The Perspective of Roger Weiss


D'Scene Magazine

4 pages



Artist ROGER WEISS is one of the few contemporary artists on the scene who successfully manage to use photography as an inspiring art medium, while creating showstopping and original visualizations. Our contributor SAV LIOTTA sits down with Roger to talk about his beginnings, his creative process and the hidden message behind his artworks.

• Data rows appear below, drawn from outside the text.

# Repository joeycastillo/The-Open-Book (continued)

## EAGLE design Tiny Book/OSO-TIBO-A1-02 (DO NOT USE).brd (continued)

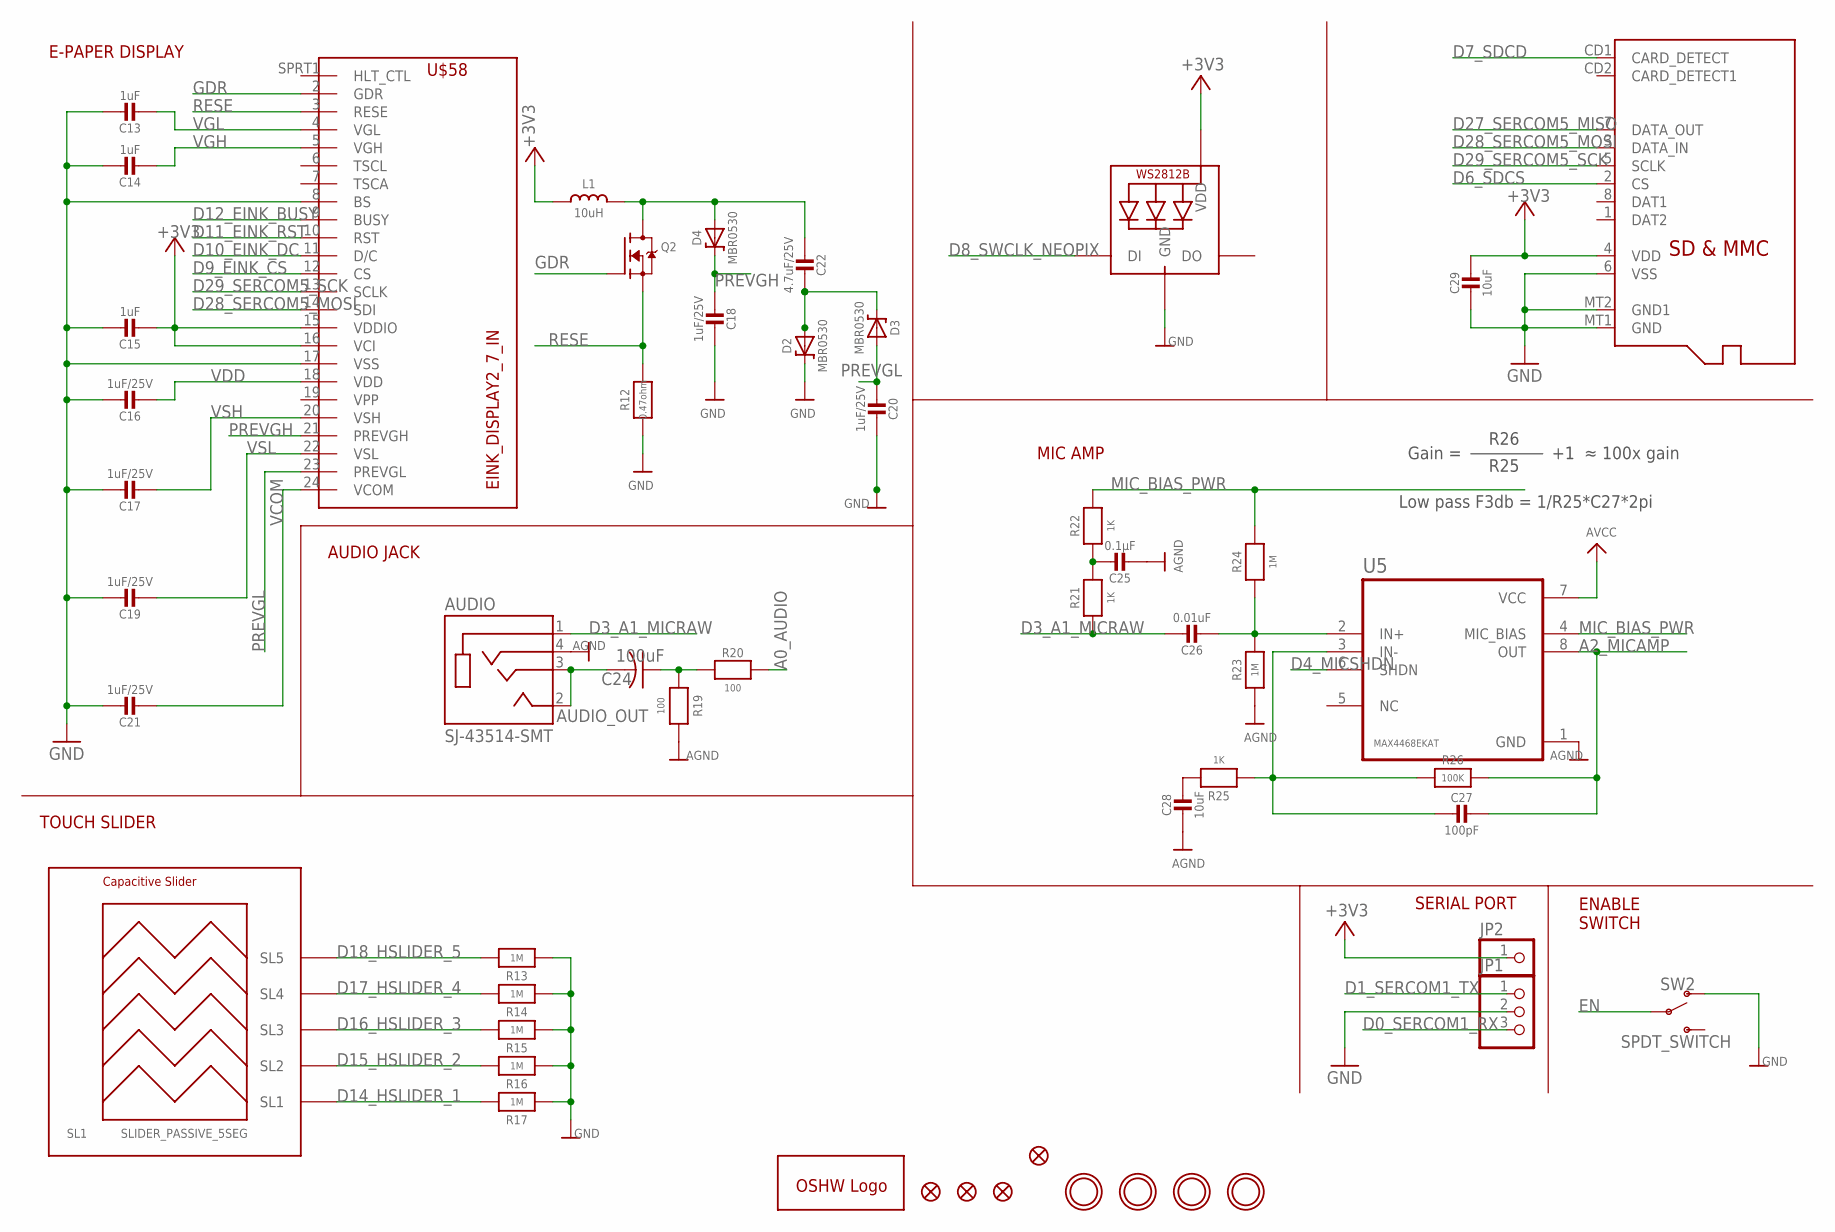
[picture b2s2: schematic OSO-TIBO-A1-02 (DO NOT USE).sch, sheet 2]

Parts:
AUDIO: SJ-43514-SMT; CUI_SJ-43514-SMT
C13, C14, C15: 1uF; 0805_10MGAP
C16, C17, C18, C19, C20, C21: 1uF/25V; 0805_10MGAP
C22: 4.7uF/25V; 0805-NO
C24: 100uF; C1210
C25: 0.1µF; 0805-NO
C26: 0.01uF; 0805-NO
C27: 100pF; 0805-NO
C28: 10uF; 0805-NO
C29: 10uF; 0805_10MGAP
D2, D3, D4: MBR0530; SOD-123
D8_NEOPIXEL: WS2812B_4020
FID1, FID2, FID3, FID4: FIDUCIAL_1MM
GOLD_ORB_SM1: OSHWLOGOLOGO5MM; OSHW_5MM
JP1: PINHD-1X3; 1X03
JP2: PINHD-1X1; 1X01
L1: 10uH; INDUCTOR_4X4MM_NR401
MICROSD: MICROSD
Q2: IRLML0100; SOT23-3
R12: 0.47ohm; 0805_10MGAP
R13, R14, R15, R16, R17, R23, R24: 1M; 0805-NO
R19, R20: 100; 0805-NO
R21, R22, R25: 1K; 0805-NO
R26: 100K; 0805-NO
SL1: SLIDER_PASSIVE_5SEG; SLIDER_PASSIVE_5SEG_12MM
SW2: SPDT_SWITCH; A10767
U5: MAX4468EKAT; SOT65P280X145-8N
U$1, U$4, U$5, U$7: MOUNTINGHOLE2.5; MOUNTINGHOLE_2.5_PLATED
U$58: EINK_DISPLAY2_7_IN; EINK_DISPLAY_2_7_IN

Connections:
+3V3: C15.2, C29.1, D8_NEOPIXEL.2 (VDD), JP2.1, L1.P$2 (2), MICROSD.4 (VDD), U$58.15 (VDDIO), U$58.16 (VCI); also elsewhere on the board
A0_AUDIO: R20.1; also elsewhere on the board
A2_MICAMP: C27.1, R26.2, U5.8 (OUT); also elsewhere on the board
AGND: AUDIO.4 (RING2), C25.2, C28.2, R19.1, R23.1, U5.1 (GND); also elsewhere on the board
AUDIO_OUT: AUDIO.2 (TIP), AUDIO.3 (RING1), C24.2
AVCC: U5.7 (VCC); also elsewhere on the board
D0_SERCOM1_RX: JP1.3; also elsewhere on the board
D1_SERCOM1_TX: JP1.1; also elsewhere on the board
D3_A1_MICRAW: AUDIO.1 (SLEEVE), C26.1, R21.1; also elsewhere on the board
D4_MICSHDN: U5.6 (SHDN); also elsewhere on the board
D6_SDCS: MICROSD.2 (CS); also elsewhere on the board
D7_SDCD: MICROSD.CD1 (CARD_DETECT); also elsewhere on the board
D8_SWCLK_NEOPIX: D8_NEOPIXEL.1 (DI); also elsewhere on the board
D9_EINK_CS: U$58.12 (CS); also elsewhere on the board
D10_EINK_DC: U$58.11 (D/C); also elsewhere on the board
D11_EINK_RST: U$58.10 (RST); also elsewhere on the board
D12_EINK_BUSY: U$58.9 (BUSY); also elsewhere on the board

You are a well-established young artist can you tell us how you started your first approaches to the camera?
My approach to camera has been very gradual, initially fascinated by the desire to handle machines for me with mechanical mysteries and experience the dark room, slowly, I realized that staying behind a goal would have allowed me to relate to others more easily. From that moment on, I’ve always had people who helped me by giving me some of themselves that I have carefully taken care of in my work.

What are the first images that have marked your childhood?
I have no memory of a specific image. What echoes in me, from my childhood, is the refusal to attribute an aesthetic sense to a human figure. I was literally extraneous to knowing how to connect the functional part of the individual’s portions of the body to something that came close to the idea of harmonic. Then, over time, I gradually moved away from the detail, in the name of a vision that allowed me to perceive the whole and get used to what today I feel as beautiful.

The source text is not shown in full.